Independent Contractor

Seller's status shall be that of an independent contractor and not that of an employee or agent of Buyer.

Publicity

Seller shall not advertise or publish the fact that Buyer has placed this Order without first obtaining the written consent of Buyer.

Non-Discrimination in Employment

1. Section 202 of Executive Order 11246, as amended by Executive Order 11375, relating to equal employment opportunities, the implementing rules and regulations of the Secretary of Labor, and all clauses and requirements which are applicable and set forth therein are incorporated herein by specific reference. In particular, the Seller hereby certifies that it does not maintain segregated facilities. In making this certification, Seller incorporates each and all of the provisions of the approved form of certification contained in 41 C.F.R. 60-1.8(b) the same as if such provisions were fully set forth herein and signed by the Seller.

2. Sections 503 and 504 of the Rehabilitation Act of 1973 and Title IV of the Vietnam Era Veterans Readjustment Assistance Act of 1974, relating to employment and advancement in employment of qualified handicapped individuals, disabled veterans and veterans of the Vietnam era, the implementing rules and regulations of the Secretary of Labor, and all contract clauses and requirements which are applicable and set forth therein are incorporated herein by specific reference pursuant to 41 C.F.R. 60-741.22 and 41 C.F.R. Section 60-250-22.

3. Sections 1 and 3 of Executive Order 11625 relating to the promotion of minority business enterprises, the implementing rules and regulations of the General Services Administration, and all clauses and requirements which are applicable and set forth therein are incorporated herein by specific reference.

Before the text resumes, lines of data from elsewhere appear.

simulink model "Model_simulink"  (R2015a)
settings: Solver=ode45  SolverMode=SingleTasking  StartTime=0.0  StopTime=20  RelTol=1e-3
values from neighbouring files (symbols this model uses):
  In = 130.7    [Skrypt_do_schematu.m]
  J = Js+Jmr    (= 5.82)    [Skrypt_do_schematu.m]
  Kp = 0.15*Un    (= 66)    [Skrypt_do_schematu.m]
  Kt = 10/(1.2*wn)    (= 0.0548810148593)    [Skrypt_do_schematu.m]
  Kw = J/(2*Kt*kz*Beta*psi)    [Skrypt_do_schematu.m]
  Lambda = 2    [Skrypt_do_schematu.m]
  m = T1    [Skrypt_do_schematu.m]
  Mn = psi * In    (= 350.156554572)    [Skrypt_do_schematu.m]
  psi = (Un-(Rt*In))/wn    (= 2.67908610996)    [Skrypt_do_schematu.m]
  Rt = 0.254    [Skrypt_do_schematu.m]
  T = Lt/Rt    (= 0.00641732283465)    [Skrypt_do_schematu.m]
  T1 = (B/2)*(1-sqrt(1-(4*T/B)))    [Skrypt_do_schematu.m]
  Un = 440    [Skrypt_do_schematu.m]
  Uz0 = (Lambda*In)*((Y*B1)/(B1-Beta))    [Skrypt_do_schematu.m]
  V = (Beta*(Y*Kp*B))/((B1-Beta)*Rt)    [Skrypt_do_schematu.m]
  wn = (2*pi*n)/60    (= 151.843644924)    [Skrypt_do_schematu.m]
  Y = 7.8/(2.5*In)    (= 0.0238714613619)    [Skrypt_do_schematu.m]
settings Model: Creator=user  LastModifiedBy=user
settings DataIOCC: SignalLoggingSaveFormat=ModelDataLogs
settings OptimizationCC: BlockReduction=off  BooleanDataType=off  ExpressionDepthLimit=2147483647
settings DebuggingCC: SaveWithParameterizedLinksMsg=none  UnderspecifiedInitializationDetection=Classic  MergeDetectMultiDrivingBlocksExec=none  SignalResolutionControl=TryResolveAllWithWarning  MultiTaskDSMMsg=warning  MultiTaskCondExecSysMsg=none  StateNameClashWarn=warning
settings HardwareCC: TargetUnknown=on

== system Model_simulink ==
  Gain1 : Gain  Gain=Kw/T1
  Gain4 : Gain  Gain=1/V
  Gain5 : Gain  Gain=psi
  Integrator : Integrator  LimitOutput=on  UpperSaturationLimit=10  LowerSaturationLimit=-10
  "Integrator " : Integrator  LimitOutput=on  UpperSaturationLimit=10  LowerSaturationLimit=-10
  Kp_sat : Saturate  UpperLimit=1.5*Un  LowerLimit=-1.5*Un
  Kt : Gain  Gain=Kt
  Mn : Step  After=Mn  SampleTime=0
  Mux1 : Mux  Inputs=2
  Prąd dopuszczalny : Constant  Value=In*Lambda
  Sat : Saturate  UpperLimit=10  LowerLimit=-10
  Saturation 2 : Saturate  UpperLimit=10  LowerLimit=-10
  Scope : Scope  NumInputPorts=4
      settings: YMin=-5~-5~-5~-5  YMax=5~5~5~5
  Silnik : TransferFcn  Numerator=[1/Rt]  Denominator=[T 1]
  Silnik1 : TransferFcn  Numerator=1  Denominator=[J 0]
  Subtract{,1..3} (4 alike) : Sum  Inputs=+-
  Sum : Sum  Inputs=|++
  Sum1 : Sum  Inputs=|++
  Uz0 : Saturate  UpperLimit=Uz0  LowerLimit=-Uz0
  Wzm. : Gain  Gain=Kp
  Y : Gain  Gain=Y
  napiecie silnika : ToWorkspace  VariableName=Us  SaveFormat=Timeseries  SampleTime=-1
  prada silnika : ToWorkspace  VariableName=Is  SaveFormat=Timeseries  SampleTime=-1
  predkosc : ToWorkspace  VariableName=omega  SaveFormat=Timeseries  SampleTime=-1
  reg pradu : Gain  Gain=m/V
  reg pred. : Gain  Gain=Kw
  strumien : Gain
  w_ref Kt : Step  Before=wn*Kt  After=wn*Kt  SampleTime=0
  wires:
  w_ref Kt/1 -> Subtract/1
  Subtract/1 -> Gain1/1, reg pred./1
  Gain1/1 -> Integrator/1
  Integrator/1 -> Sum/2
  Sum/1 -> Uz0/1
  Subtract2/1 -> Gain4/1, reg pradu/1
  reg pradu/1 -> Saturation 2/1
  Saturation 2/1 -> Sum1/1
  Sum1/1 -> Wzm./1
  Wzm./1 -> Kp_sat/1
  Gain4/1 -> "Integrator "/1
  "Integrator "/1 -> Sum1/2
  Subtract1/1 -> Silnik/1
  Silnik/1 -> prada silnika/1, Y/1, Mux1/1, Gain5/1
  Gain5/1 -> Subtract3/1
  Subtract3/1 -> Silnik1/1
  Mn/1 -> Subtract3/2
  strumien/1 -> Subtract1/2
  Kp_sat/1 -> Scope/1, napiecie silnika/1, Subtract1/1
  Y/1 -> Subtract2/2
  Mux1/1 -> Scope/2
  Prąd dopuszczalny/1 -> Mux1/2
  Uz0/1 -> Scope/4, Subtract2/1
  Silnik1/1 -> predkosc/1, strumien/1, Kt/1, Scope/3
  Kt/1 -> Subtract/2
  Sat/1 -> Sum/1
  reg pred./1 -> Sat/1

Seller shall comply with 41 C.F.R. 61-250.10, which requires an annual report to the secretary of labor on employment of special disabled veterans and veterans of the Vietnam era.

4. Seller shall comply with applicable laws, executive Orders, and regulations concerning listing job vacancies concerning non-discrimination in employment including 41 C.F.R., Part 60-250.

Assignments

This Order shall not be assignable in whole or in part without prior written approval of Buyer.

Set-Off

At Buyer's option any indebtedness of Seller may be credited against amounts owed by Buyer.

Entire Agreement

This Order, together with all documents incorporated herein by reference, constitute the entire agreement between Buyer and Seller, and there are no terms, conditions, or provisions, whether oral or written, between the parties hereto, other than those herein contained, and this Order supersedes any and all oral or written understandings between the parties hereto relating to the items purchased hereunder. Notice of objection to additional or different terms and conditions is hereby given.